##### PROVIDED MATERIAL

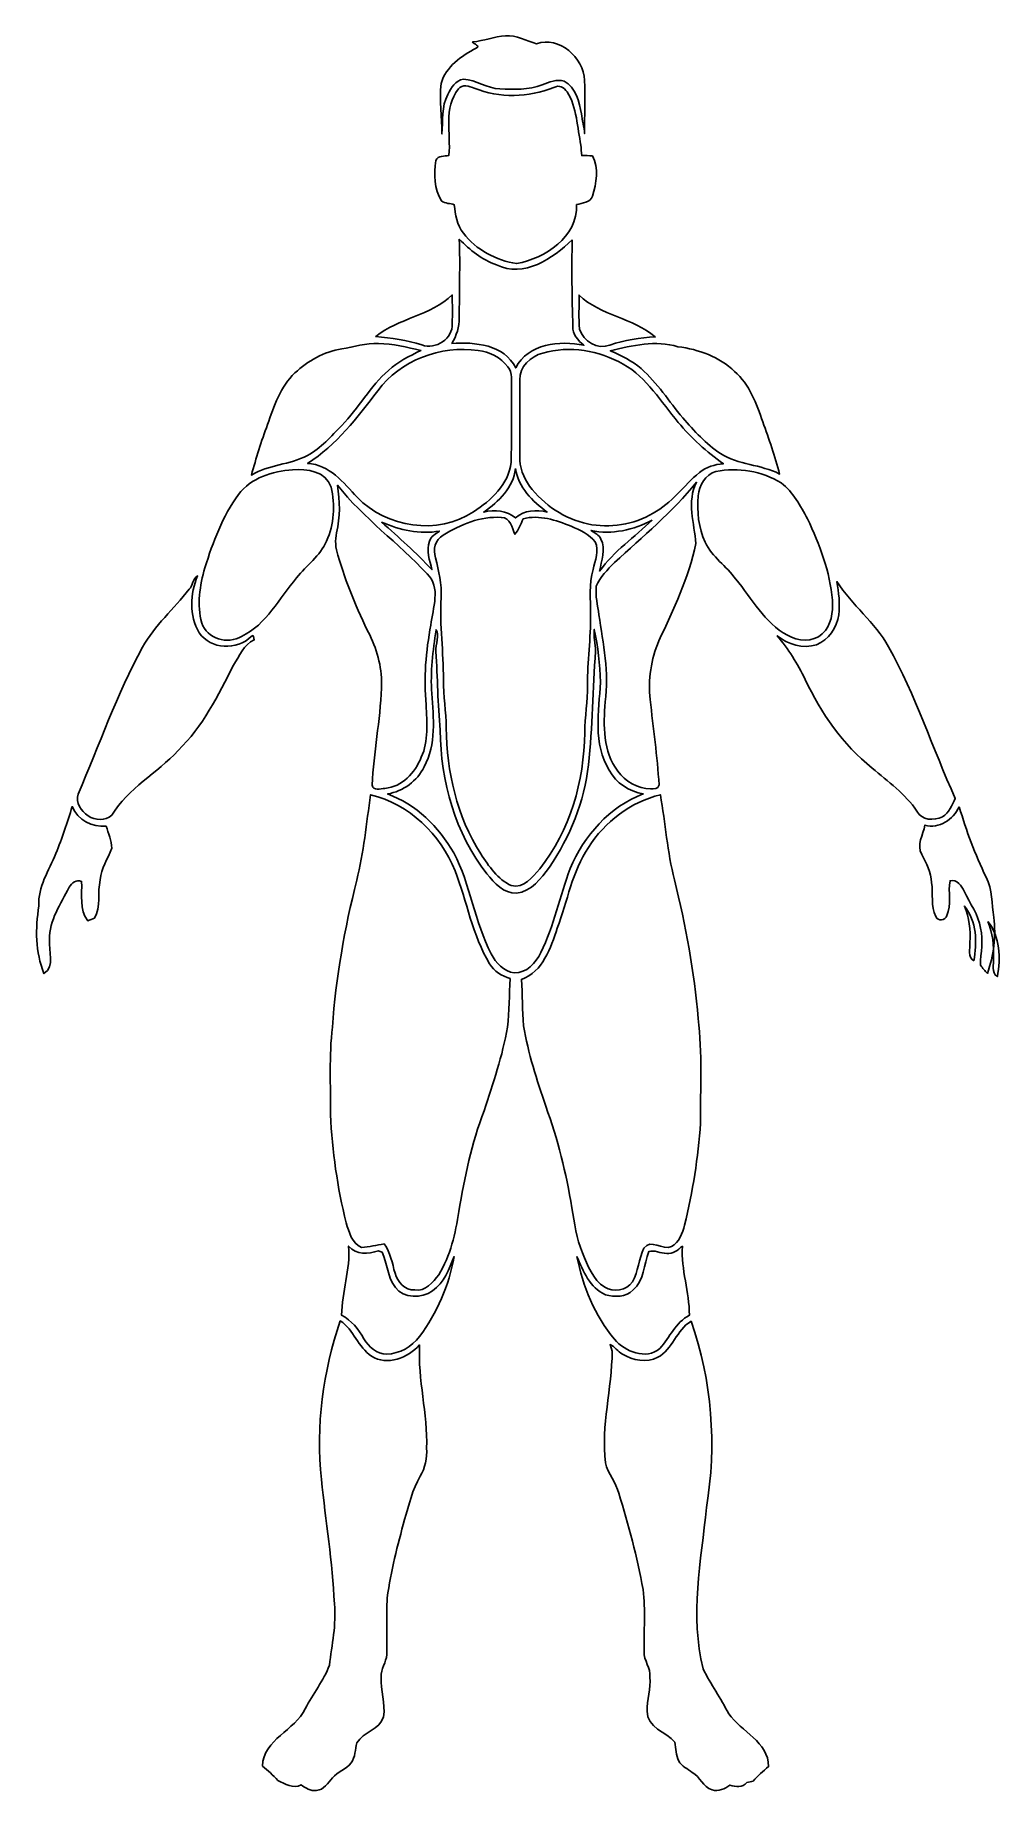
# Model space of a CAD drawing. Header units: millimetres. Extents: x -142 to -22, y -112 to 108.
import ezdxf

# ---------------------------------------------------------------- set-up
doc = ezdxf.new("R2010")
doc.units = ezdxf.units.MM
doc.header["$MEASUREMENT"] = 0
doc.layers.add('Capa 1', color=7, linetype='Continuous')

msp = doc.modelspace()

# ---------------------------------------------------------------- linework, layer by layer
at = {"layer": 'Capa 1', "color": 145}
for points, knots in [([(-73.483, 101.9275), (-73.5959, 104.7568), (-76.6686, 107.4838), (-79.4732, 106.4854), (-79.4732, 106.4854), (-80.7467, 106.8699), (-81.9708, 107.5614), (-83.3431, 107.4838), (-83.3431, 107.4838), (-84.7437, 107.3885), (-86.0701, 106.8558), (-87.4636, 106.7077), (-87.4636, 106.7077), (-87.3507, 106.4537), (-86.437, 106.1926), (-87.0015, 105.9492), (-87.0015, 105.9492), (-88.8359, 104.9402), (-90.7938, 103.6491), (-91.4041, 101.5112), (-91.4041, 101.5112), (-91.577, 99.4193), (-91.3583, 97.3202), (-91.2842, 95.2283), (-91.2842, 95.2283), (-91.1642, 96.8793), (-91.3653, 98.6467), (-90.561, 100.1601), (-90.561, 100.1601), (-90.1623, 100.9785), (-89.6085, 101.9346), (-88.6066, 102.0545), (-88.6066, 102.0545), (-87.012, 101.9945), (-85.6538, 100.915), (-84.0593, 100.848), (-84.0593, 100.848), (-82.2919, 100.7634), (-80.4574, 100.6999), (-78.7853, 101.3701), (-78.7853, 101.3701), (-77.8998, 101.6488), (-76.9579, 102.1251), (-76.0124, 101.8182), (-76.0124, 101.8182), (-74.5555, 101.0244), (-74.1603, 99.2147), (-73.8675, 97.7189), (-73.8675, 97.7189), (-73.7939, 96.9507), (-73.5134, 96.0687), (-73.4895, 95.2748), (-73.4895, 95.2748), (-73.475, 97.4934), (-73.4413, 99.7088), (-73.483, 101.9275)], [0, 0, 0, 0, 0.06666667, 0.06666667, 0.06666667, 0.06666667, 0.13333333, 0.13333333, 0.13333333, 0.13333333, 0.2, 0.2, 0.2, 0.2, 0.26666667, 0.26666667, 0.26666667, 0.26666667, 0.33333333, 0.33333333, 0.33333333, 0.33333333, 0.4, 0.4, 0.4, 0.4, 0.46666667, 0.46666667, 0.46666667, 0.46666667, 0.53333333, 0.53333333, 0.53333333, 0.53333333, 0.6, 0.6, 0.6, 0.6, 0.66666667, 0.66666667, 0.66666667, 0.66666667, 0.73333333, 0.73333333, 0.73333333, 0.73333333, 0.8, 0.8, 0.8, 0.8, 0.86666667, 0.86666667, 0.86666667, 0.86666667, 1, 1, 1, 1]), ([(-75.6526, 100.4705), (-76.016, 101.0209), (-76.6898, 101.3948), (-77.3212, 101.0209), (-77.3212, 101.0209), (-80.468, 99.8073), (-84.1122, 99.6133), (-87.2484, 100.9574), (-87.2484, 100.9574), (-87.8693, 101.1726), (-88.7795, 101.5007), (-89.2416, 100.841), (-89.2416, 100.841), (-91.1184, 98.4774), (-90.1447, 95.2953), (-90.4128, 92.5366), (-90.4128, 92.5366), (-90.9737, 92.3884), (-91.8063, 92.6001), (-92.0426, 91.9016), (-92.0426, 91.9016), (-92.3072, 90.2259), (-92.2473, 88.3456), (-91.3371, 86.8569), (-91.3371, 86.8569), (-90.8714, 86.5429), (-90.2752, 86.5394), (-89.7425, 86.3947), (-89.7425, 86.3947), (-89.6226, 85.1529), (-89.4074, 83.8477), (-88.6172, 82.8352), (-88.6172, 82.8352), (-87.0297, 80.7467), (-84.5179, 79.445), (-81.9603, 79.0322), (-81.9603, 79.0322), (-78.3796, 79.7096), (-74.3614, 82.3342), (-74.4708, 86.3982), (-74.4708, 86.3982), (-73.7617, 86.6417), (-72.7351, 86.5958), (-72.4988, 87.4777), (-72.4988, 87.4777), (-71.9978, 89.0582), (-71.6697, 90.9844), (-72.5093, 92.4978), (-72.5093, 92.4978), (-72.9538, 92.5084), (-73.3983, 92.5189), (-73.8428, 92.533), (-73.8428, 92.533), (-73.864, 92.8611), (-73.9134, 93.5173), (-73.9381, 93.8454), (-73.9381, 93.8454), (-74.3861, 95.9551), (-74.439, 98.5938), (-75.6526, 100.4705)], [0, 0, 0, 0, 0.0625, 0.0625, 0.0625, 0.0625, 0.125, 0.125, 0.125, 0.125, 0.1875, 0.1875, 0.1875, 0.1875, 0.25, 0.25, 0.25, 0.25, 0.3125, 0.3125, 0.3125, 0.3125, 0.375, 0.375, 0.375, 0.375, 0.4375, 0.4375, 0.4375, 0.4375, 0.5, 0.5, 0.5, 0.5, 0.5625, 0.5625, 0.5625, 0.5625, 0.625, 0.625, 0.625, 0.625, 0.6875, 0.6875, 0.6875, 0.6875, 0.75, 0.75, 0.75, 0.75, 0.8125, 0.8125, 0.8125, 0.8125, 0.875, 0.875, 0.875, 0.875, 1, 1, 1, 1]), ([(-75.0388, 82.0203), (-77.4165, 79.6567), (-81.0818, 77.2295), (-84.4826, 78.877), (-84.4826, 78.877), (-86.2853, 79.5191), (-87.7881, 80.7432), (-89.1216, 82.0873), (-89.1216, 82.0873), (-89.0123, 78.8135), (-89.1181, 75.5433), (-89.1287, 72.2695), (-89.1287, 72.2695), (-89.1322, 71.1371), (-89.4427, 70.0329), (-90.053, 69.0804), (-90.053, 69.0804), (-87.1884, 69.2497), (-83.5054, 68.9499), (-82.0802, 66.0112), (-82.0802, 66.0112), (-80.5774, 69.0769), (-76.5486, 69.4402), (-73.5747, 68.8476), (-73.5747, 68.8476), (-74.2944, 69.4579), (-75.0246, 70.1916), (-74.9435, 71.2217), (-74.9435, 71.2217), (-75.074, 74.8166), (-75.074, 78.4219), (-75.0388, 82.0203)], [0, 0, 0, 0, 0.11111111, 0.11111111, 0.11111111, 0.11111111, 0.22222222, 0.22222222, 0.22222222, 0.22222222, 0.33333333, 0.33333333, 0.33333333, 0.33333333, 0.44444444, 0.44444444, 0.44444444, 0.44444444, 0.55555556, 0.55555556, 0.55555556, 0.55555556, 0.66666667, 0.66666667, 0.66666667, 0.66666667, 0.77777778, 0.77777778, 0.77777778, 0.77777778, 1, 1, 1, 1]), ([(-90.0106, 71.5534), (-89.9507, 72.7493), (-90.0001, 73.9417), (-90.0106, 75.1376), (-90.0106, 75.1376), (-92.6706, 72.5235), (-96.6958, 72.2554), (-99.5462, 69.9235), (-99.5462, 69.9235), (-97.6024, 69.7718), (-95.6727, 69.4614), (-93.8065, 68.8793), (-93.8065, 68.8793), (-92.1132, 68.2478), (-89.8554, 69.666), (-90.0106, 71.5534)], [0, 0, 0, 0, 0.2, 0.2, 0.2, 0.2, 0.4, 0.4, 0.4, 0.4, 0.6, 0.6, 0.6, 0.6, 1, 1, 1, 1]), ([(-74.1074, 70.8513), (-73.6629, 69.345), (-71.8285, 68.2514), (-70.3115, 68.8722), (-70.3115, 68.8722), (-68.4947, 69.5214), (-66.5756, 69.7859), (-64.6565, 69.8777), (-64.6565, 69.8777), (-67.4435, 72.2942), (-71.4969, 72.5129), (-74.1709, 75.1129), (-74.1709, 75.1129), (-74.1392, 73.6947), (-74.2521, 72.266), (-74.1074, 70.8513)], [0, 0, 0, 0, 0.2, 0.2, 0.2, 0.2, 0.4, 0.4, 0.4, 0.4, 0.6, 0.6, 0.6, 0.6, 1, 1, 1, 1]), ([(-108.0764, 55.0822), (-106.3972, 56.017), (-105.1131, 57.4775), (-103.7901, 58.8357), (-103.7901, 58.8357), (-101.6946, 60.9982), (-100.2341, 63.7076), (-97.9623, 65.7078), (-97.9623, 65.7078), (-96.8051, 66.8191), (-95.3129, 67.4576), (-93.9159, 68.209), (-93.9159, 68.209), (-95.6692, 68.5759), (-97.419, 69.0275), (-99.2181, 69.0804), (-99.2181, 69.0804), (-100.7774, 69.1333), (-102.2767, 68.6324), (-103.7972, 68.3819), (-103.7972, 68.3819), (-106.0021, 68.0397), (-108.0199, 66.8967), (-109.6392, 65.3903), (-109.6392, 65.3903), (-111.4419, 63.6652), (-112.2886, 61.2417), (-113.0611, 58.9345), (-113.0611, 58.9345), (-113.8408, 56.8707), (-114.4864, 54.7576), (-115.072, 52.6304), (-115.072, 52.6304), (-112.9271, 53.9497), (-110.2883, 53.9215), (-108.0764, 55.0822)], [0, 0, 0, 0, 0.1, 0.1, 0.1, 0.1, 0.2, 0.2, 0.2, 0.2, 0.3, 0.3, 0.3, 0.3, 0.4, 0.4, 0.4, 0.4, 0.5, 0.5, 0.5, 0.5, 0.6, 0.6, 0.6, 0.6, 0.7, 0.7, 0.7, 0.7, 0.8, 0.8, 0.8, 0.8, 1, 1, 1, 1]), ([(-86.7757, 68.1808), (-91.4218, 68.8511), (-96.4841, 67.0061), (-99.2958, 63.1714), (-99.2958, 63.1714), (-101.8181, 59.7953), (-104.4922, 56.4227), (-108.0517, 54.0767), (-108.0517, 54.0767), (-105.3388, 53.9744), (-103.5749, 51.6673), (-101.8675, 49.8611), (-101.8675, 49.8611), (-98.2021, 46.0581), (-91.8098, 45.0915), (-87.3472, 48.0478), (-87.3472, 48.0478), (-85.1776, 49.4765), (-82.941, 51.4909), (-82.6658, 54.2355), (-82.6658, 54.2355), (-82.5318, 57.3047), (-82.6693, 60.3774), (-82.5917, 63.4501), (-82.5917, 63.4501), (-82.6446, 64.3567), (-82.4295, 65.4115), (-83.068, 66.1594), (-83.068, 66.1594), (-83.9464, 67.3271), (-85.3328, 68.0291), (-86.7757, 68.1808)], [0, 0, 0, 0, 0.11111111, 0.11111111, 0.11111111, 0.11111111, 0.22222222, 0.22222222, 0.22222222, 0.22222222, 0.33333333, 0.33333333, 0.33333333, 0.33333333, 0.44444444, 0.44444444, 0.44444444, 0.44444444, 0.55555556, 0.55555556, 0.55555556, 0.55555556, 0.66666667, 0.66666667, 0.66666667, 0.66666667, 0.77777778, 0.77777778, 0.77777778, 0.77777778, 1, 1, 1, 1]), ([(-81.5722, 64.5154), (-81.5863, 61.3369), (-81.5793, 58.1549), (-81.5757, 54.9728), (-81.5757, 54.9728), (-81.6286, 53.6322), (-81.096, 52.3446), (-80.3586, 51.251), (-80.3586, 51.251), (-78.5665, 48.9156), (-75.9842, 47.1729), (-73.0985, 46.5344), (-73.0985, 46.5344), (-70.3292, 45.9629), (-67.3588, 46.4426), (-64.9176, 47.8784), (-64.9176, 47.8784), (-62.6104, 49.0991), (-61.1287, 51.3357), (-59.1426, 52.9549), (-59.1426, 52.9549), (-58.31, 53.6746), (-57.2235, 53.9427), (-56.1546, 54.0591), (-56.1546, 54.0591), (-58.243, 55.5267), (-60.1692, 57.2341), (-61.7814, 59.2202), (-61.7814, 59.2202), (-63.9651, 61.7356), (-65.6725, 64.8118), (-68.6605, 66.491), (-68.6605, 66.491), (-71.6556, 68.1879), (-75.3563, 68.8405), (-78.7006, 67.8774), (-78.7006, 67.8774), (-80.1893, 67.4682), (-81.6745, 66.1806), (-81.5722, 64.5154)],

##########

WHAT IS EXPECTED> Pick each line holding the word "ezdxf" out of the data and copy it.

REPLY>
import ezdxf
doc = ezdxf.new("R2010")
doc.units = ezdxf.units.MM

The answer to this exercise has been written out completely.